Hypoglycaemia A decreased blood glucose level Hypoglycaemia occurs occasionally during exercise and can be caused by many factors including working at a level that’s too hard for your body or inadequate nutrition. It can also be triggered by external influences such as high temperature. Hypoglycaemia can be prevented by eating an adequate pre-exercise meal containing the right amount of carbohydrate depending on the exercise you are about to complete. Hypoglycaemia obviously has a negative effect on an athletes performance as it results in extreme fatigue as blood glucose levels are so low, it takes longer to produce the energy the body requires.

Hyperglycaemia An elevated blood sugar level Hyperglycaemia occurs when there is a rapid increase of glucose in the blood because there is not enough insulin to break the glucose down. It can be prevented again by ensuring that your pre exercise meal is well balanced and doesn’t contain a large amount of High GI carbohydrates. Hyperglycaemia also has a negative effect on an athlete’s performance as it has many symptoms including increased thirst, and hunger and blurry vision.

Rebound Hyperglycaemia When an athlete experiences a high followed by an extreme low in energy.

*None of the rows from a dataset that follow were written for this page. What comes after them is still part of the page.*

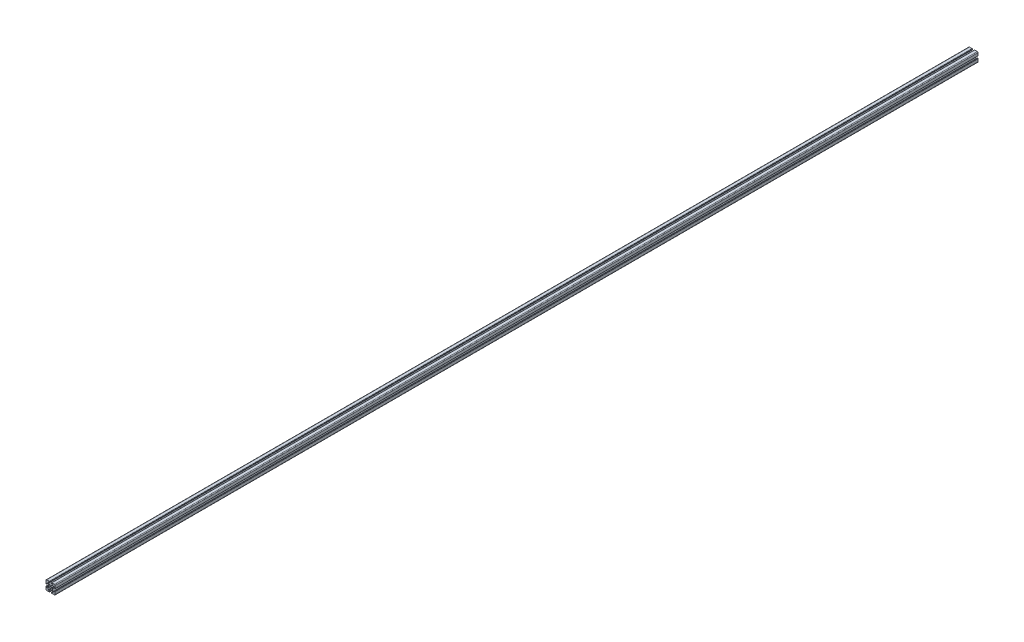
ISO-10303-21;
HEADER;
FILE_DESCRIPTION(('STEP AP214'),'2;1');
FILE_NAME('part.step','',(''),(''),'','','');
FILE_SCHEMA(('AUTOMOTIVE_DESIGN { 1 0 10303 214 1 1 1 1 }'));
ENDSEC;
DATA;
#1=APPLICATION_CONTEXT('core data for automotive mechanical design processes');
#2=APPLICATION_PROTOCOL_DEFINITION('international standard','automotive_design',2000,#1);
#3=PRODUCT_CONTEXT('',#1,'mechanical');
#4=PRODUCT('Part','Part','',(#3));
#5=PRODUCT_RELATED_PRODUCT_CATEGORY('part','',(#4));
#6=PRODUCT_DEFINITION_FORMATION('','',#4);
#7=PRODUCT_DEFINITION_CONTEXT('part definition',#1,'design');
#8=PRODUCT_DEFINITION('design','',#6,#7);
#9=PRODUCT_DEFINITION_SHAPE('','',#8);
#10=(LENGTH_UNIT() NAMED_UNIT(*) SI_UNIT(.MILLI.,.METRE.));
#11=(NAMED_UNIT(*) PLANE_ANGLE_UNIT() SI_UNIT($,.RADIAN.));
#12=(NAMED_UNIT(*) SI_UNIT($,.STERADIAN.) SOLID_ANGLE_UNIT());
#13=UNCERTAINTY_MEASURE_WITH_UNIT(LENGTH_MEASURE(1.E-05),#10,'distance_accuracy_value','');
#14=(GEOMETRIC_REPRESENTATION_CONTEXT(3) GLOBAL_UNCERTAINTY_ASSIGNED_CONTEXT((#13)) GLOBAL_UNIT_ASSIGNED_CONTEXT((#10,
#11,#12)) REPRESENTATION_CONTEXT('',''));
#15=CARTESIAN_POINT('',(0.,0.,0.));
#16=DIRECTION('',(0.,0.,1.));
#17=DIRECTION('',(1.,0.,0.));
#18=AXIS2_PLACEMENT_3D('',#15,#16,#17);
#19=CARTESIAN_POINT('',(-5.62999999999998,-17.0946150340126,-4000.));
#20=DIRECTION('',(0.,0.,1.));
#21=DIRECTION('',(1.,0.,0.));
#22=AXIS2_PLACEMENT_3D('',#19,#20,#21);
#23=CYLINDRICAL_SURFACE('',#22,1.56999999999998);
#24=CARTESIAN_POINT('',(-5.62999999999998,-17.0946150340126,0.));
#25=DIRECTION('',(0.,0.,1.));
#26=DIRECTION('',(-1.,0.,0.));
#27=AXIS2_PLACEMENT_3D('',#24,#25,#26);
#28=CIRCLE('',#27,1.56999999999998);
#29=CARTESIAN_POINT('',(-4.06,-17.0946150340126,0.));
#30=VERTEX_POINT('',#29);
#31=CARTESIAN_POINT('',(-5.62999999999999,-15.5246150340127,0.));
#32=VERTEX_POINT('',#31);
#33=EDGE_CURVE('E610',#30,#32,#28,.T.);
#34=ORIENTED_EDGE('',*,*,#33,.F.);
#35=DIRECTION('',(0.,0.,1.));
#36=VECTOR('',#35,1.);
#37=CARTESIAN_POINT('',(-4.06,-17.0946150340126,-4000.));
#38=LINE('',#37,#36);
#39=CARTESIAN_POINT('',(-4.06,-17.0946150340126,-4000.));
#40=VERTEX_POINT('',#39);
#41=EDGE_CURVE('E11',#40,#30,#38,.T.);
#42=ORIENTED_EDGE('',*,*,#41,.F.);
#43=CARTESIAN_POINT('',(-5.62999999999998,-17.0946150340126,-4000.));
#44=DIRECTION('',(0.,0.,1.));
#45=DIRECTION('',(-1.,0.,0.));
#46=AXIS2_PLACEMENT_3D('',#43,#44,#45);
#47=CIRCLE('',#46,1.56999999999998);
#48=CARTESIAN_POINT('',(-5.62999999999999,-15.5246150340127,-4000.));
#49=VERTEX_POINT('',#48);
#50=EDGE_CURVE('E871',#40,#49,#47,.T.);
#51=ORIENTED_EDGE('',*,*,#50,.T.);
#52=DIRECTION('',(0.,0.,1.));
#53=VECTOR('',#52,1.);
#54=CARTESIAN_POINT('',(-5.62999999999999,-15.5246150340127,-4000.));
#55=LINE('',#54,#53);
#56=EDGE_CURVE('E36',#49,#32,#55,.T.);
#57=ORIENTED_EDGE('',*,*,#56,.T.);
#58=EDGE_LOOP('',(#34,#42,#51,#57));
#59=FACE_BOUND('',#58,.T.);
#60=ADVANCED_FACE('F33',(#59),#23,.T.);
#61=CARTESIAN_POINT('',(-4.06,-18.43,-4000.));
#62=DIRECTION('',(1.,0.,0.));
#63=DIRECTION('',(0.,0.,-1.));
#64=AXIS2_PLACEMENT_3D('',#61,#62,#63);
#65=PLANE('',#64);
#66=DIRECTION('',(0.,1.,0.));
#67=VECTOR('',#66,1.);
#68=CARTESIAN_POINT('',(-4.06,-18.43,0.));
#69=LINE('',#68,#67);
#70=CARTESIAN_POINT('',(-4.05999999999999,-18.43,0.));
#71=VERTEX_POINT('',#70);
#72=EDGE_CURVE('E869',#71,#30,#69,.T.);
#73=ORIENTED_EDGE('',*,*,#72,.F.);
#74=DIRECTION('',(0.,0.,1.));
#75=VECTOR('',#74,1.);
#76=CARTESIAN_POINT('',(-4.05999999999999,-18.43,-4000.));
#77=LINE('',#76,#75);
#78=CARTESIAN_POINT('',(-4.05999999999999,-18.43,-4000.));
#79=VERTEX_POINT('',#78);
#80=EDGE_CURVE('E42',#79,#71,#77,.T.);
#81=ORIENTED_EDGE('',*,*,#80,.F.);
#82=DIRECTION('',(0.,1.,0.));
#83=VECTOR('',#82,1.);
#84=CARTESIAN_POINT('',(-4.06,-18.43,-4000.));
#85=LINE('',#84,#83);
#86=EDGE_CURVE('E600',#79,#40,#85,.T.);
#87=ORIENTED_EDGE('',*,*,#86,.T.);
#88=ORIENTED_EDGE('',*,*,#41,.T.);
#89=EDGE_LOOP('',(#73,#81,#87,#88));
#90=FACE_BOUND('',#89,.T.);
#91=ADVANCED_FACE('F1047',(#90),#65,.T.);
#92=CARTESIAN_POINT('',(-5.62999999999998,-18.43,-4000.));
#93=DIRECTION('',(0.,0.,1.));
#94=DIRECTION('',(1.,0.,0.));
#95=AXIS2_PLACEMENT_3D('',#92,#93,#94);
#96=CYLINDRICAL_SURFACE('',#95,1.56999999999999);
#97=CARTESIAN_POINT('',(-5.62999999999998,-18.43,0.));
#98=DIRECTION('',(0.,0.,1.));
#99=DIRECTION('',(-1.,0.,0.));
#100=AXIS2_PLACEMENT_3D('',#97,#98,#99);
#101=CIRCLE('',#100,1.56999999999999);
#102=CARTESIAN_POINT('',(-5.62999999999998,-20.,0.));
#103=VERTEX_POINT('',#102);
#104=EDGE_CURVE('E587',#103,#71,#101,.T.);
#105=ORIENTED_EDGE('',*,*,#104,.F.);
#106=DIRECTION('',(0.,0.,1.));
#107=VECTOR('',#106,1.);
#108=CARTESIAN_POINT('',(-5.62999999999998,-20.,-4000.));
#109=LINE('',#108,#107);
#110=CARTESIAN_POINT('',(-5.62999999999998,-20.,-4000.));
#111=VERTEX_POINT('',#110);
#112=EDGE_CURVE('E582',#111,#103,#109,.T.);
#113=ORIENTED_EDGE('',*,*,#112,.F.);
#114=CARTESIAN_POINT('',(-5.62999999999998,-18.43,-4000.));
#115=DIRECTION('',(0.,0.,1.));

Rebound hyperglycaemia occurs when high GI foods are consumed mins before exercise. This makes the body’s blood glucose level rise rapidly and in response the body excretes insulin quickly to convert the glucose into glycogen to be stored in the muscles. This quick response causes the body to fatigue as there is less glucose in the blood that can be used as fuel for exercise. Rebound hyperglycaemia can be avoided by ensuring that high GI foods (over 6% CHO) are not consumed before an event.

Blood Glucose Loading. Blood Glucose Loading is the consumption of food on the day of competition. This can help replenish any energy stores that may have been depleted during the night and even help in the recovery from the previous training session. It’s important for athletes to know which foods will help them perform at their peak level. Foods should be low GI and high in CHO to help sustain energy levels during exercise. Foods to intake before an event include fruit, cereals, pasta and rice. Food to avoid is anything high in fat, fibre, green acidic vegetables, salty foods and caffeine, as these can be hard to digest or can make the body uncomfortable.

Carbohydrate loading CHO loading is a change in nutrition and training in the 3-4 days leading up to an endurance event. These 3-4 days before an event the athlete will taper their exercise and increase their CHO intake. A meal that an athlete may consume for breakfast when CHO loading would be high fibre cereal, a banana and a fruit smoothie with low fat yogurt. According to the Australian Institute of Sport (AIS) carbohydrate loading can improve performance by 2-3%, this is only possible if carbohydrate loading plans are carried out accurately.